Taken from nVidias website..

nvidia develoers said:
CSAA Guidelines
Performance

CSAA performance is generally very similar to that of typical MSAA performance, given the same color/z/stencil sample count. For example, both the 8x and 16x CSAA modes (which use 4 color/z/stencil samples) perform similarly or identical to 4x MSAA.


Since reviews never specify whether they are using 8xQ (or 16xQ) mode, which they most liekly are not, then it does not compare directly to MSAA. Apples to Oranges
 
These new cores look pretty exciting, I think the jump really may be this big.

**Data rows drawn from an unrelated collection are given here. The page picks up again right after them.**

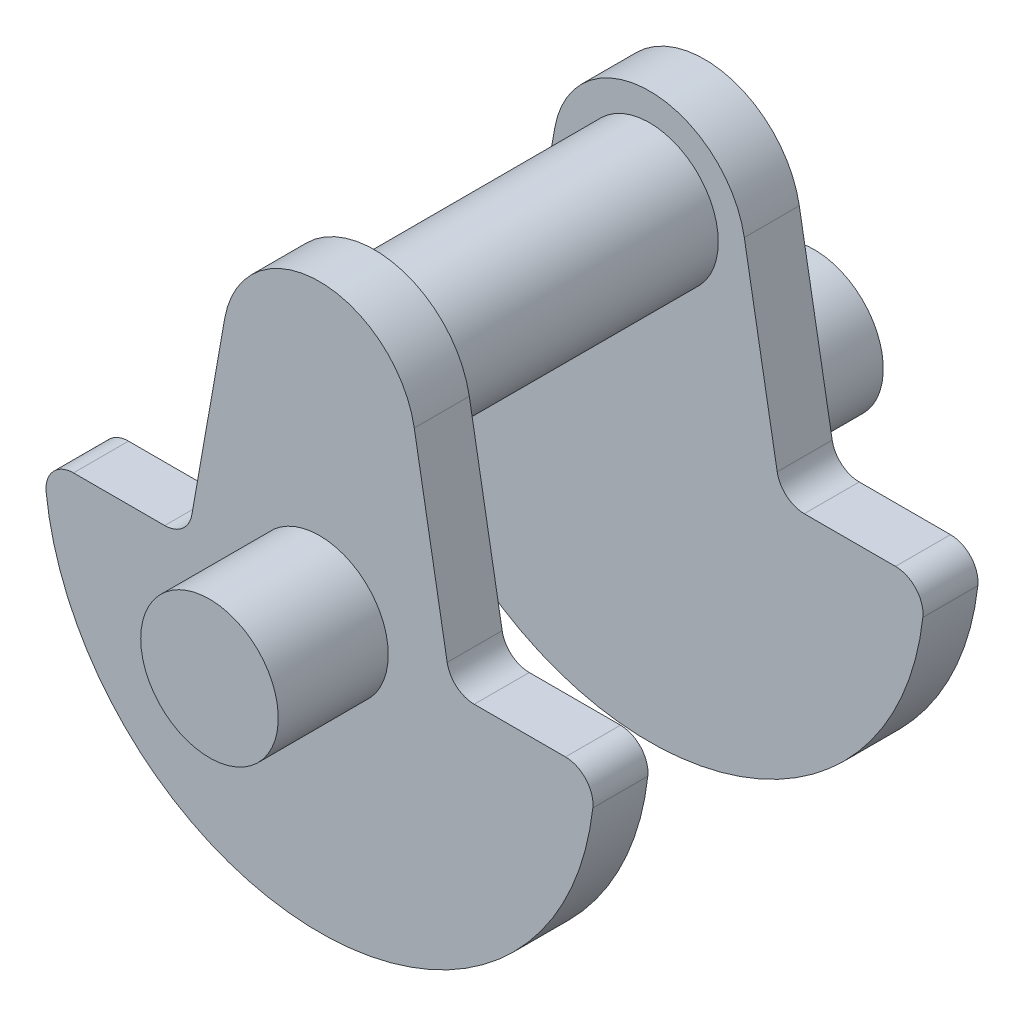
ISO-10303-21;
HEADER;
FILE_DESCRIPTION(('STEP AP214'),'2;1');
FILE_NAME('part.step','',(''),(''),'','','');
FILE_SCHEMA(('AUTOMOTIVE_DESIGN { 1 0 10303 214 1 1 1 1 }'));
ENDSEC;
DATA;
#1=APPLICATION_CONTEXT('core data for automotive mechanical design processes');
#2=APPLICATION_PROTOCOL_DEFINITION('international standard','automotive_design',2000,#1);
#3=PRODUCT_CONTEXT('',#1,'mechanical');
#4=PRODUCT('Part','Part','',(#3));
#5=PRODUCT_RELATED_PRODUCT_CATEGORY('part','',(#4));
#6=PRODUCT_DEFINITION_FORMATION('','',#4);
#7=PRODUCT_DEFINITION_CONTEXT('part definition',#1,'design');
#8=PRODUCT_DEFINITION('design','',#6,#7);
#9=PRODUCT_DEFINITION_SHAPE('','',#8);
#10=(LENGTH_UNIT() NAMED_UNIT(*) SI_UNIT(.MILLI.,.METRE.));
#11=(NAMED_UNIT(*) PLANE_ANGLE_UNIT() SI_UNIT($,.RADIAN.));
#12=(NAMED_UNIT(*) SI_UNIT($,.STERADIAN.) SOLID_ANGLE_UNIT());
#13=UNCERTAINTY_MEASURE_WITH_UNIT(LENGTH_MEASURE(1.E-05),#10,'distance_accuracy_value','');
#14=(GEOMETRIC_REPRESENTATION_CONTEXT(3) GLOBAL_UNCERTAINTY_ASSIGNED_CONTEXT((#13)) GLOBAL_UNIT_ASSIGNED_CONTEXT((#10,
#11,#12)) REPRESENTATION_CONTEXT('',''));
#15=CARTESIAN_POINT('',(0.,0.,0.));
#16=DIRECTION('',(0.,0.,1.));
#17=DIRECTION('',(1.,0.,0.));
#18=AXIS2_PLACEMENT_3D('',#15,#16,#17);
#19=CARTESIAN_POINT('',(28.136908188683,5.,10.));
#20=DIRECTION('',(0.,0.,-1.));
#21=DIRECTION('',(-1.,0.,0.));
#22=AXIS2_PLACEMENT_3D('',#19,#20,#21);
#23=PLANE('',#22);
#24=CARTESIAN_POINT('',(28.136908188683,5.,10.));
#25=DIRECTION('',(0.,0.,-1.));
#26=DIRECTION('',(-1.,0.,0.));
#27=AXIS2_PLACEMENT_3D('',#24,#25,#26);
#28=CIRCLE('',#27,5.);
#29=CARTESIAN_POINT('',(28.136908188683,0.,10.));
#30=VERTEX_POINT('',#29);
#31=CARTESIAN_POINT('',(23.2128694236219,4.13175911166541,10.));
#32=VERTEX_POINT('',#31);
#33=EDGE_CURVE('E170',#30,#32,#28,.T.);
#34=ORIENTED_EDGE('',*,*,#33,.T.);
#35=DIRECTION('',(-0.173648177666923,0.984807753012209,0.));
#36=VECTOR('',#35,1.);
#37=CARTESIAN_POINT('',(23.2128694236219,4.13175911166541,10.));
#38=LINE('',#37,#36);
#39=CARTESIAN_POINT('',(17.2341356777137,38.0388431091712,10.));
#40=VERTEX_POINT('',#39);
#41=EDGE_CURVE('E105',#32,#40,#38,.T.);
#42=ORIENTED_EDGE('',*,*,#41,.T.);
#43=CARTESIAN_POINT('',(0.,35.,10.));
#44=DIRECTION('',(0.,0.,1.));
#45=DIRECTION('',(1.,0.,0.));
#46=AXIS2_PLACEMENT_3D('',#43,#44,#45);
#47=CIRCLE('',#46,17.5);
#48=CARTESIAN_POINT('',(-17.2341356777137,38.0388431091712,10.));
#49=VERTEX_POINT('',#48);
#50=EDGE_CURVE('E209',#40,#49,#47,.T.);
#51=ORIENTED_EDGE('',*,*,#50,.T.);
#52=DIRECTION('',(-0.173648177666923,-0.984807753012209,0.));
#53=VECTOR('',#52,1.);
#54=CARTESIAN_POINT('',(-23.2128694236219,4.13175911166541,10.));
#55=LINE('',#54,#53);
#56=CARTESIAN_POINT('',(-23.2128694236219,4.13175911166541,10.));
#57=VERTEX_POINT('',#56);
#58=EDGE_CURVE('E206',#49,#57,#55,.T.);
#59=ORIENTED_EDGE('',*,*,#58,.T.);
#60=CARTESIAN_POINT('',(-28.136908188683,5.,10.));
#61=DIRECTION('',(0.,0.,-1.));
#62=DIRECTION('',(1.,0.,0.));
#63=AXIS2_PLACEMENT_3D('',#60,#61,#62);
#64=CIRCLE('',#63,5.);
#65=CARTESIAN_POINT('',(-28.136908188683,0.,10.));
#66=VERTEX_POINT('',#65);
#67=EDGE_CURVE('E208',#57,#66,#64,.T.);
#68=ORIENTED_EDGE('',*,*,#67,.T.);
#69=DIRECTION('',(-1.,0.,0.));
#70=VECTOR('',#69,1.);
#71=CARTESIAN_POINT('',(-44.7213595499958,0.,10.));
#72=LINE('',#71,#70);
#73=CARTESIAN_POINT('',(-44.7213595499958,0.,10.));
#74=VERTEX_POINT('',#73);
#75=EDGE_CURVE('E211',#66,#74,#72,.T.);
#76=ORIENTED_EDGE('',*,*,#75,.T.);
#77=CARTESIAN_POINT('',(-44.7213595499958,-5.,10.));
#78=DIRECTION('',(0.,0.,1.));
#79=DIRECTION('',(-1.,0.,0.));
#80=AXIS2_PLACEMENT_3D('',#77,#78,#79);
#81=CIRCLE('',#80,5.);
#82=CARTESIAN_POINT('',(-49.6903994999953,-5.55555555555555,10.));
#83=VERTEX_POINT('',#82);
#84=EDGE_CURVE('E133',#74,#83,#81,.T.);
#85=ORIENTED_EDGE('',*,*,#84,.T.);
#86=CARTESIAN_POINT('',(0.,0.,10.));
#87=DIRECTION('',(0.,0.,1.));
#88=DIRECTION('',(1.,0.,0.));
#89=AXIS2_PLACEMENT_3D('',#86,#87,#88);
#90=CIRCLE('',#89,50.);
#91=CARTESIAN_POINT('',(49.6903994999953,-5.55555555555555,10.));
#92=VERTEX_POINT('',#91);
#93=EDGE_CURVE('E127',#83,#92,#90,.T.);
#94=ORIENTED_EDGE('',*,*,#93,.T.);
#95=CARTESIAN_POINT('',(44.7213595499958,-5.,10.));
#96=DIRECTION('',(0.,0.,1.));
#97=DIRECTION('',(1.,0.,0.));
#98=AXIS2_PLACEMENT_3D('',#95,#96,#97);
#99=CIRCLE('',#98,5.);
#100=CARTESIAN_POINT('',(44.7213595499958,0.,10.));
#101=VERTEX_POINT('',#100);
#102=EDGE_CURVE('E131',#92,#101,#99,.T.);
#103=ORIENTED_EDGE('',*,*,#102,.T.);
#104=DIRECTION('',(-1.,0.,0.));
#105=VECTOR('',#104,1.);
#106=CARTESIAN_POINT('',(44.7213595499958,0.,10.));
#107=LINE('',#106,#105);
#108=EDGE_CURVE('E54',#101,#30,#107,.T.);
#109=ORIENTED_EDGE('',*,*,#108,.T.);
#110=EDGE_LOOP('',(#34,#42,#51,#59,#68,#76,#85,#94,#103,#109));
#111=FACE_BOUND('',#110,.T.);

Not to mention the memory on the next series of cards is going to be absolutely rediculous. If these benchmarks are close to true, we're getting like double the memory speed. Nvidia moving to the 512bit bus and ATI clocking their GDDR5 outrageously high.
 
I noticed that too, and that's where ATI cards traditionally fall apart :beer:

OTOH, if those results are true, the 4870X2 will be my next card :)

The 2900XT had aa issues. The 3000's do not. And if you check out Assassin's Creed, the ATI 3000's running DX10.1 gives noticeably better performance with AA.
 
If these cards are this good and the drivers aren't terrible I expect I'll have at least one of them soon after launch.

I've been waiting for the next huge leap forward since the G80. Let's hope this next generation (4xxx and G200) will fulfill that for me.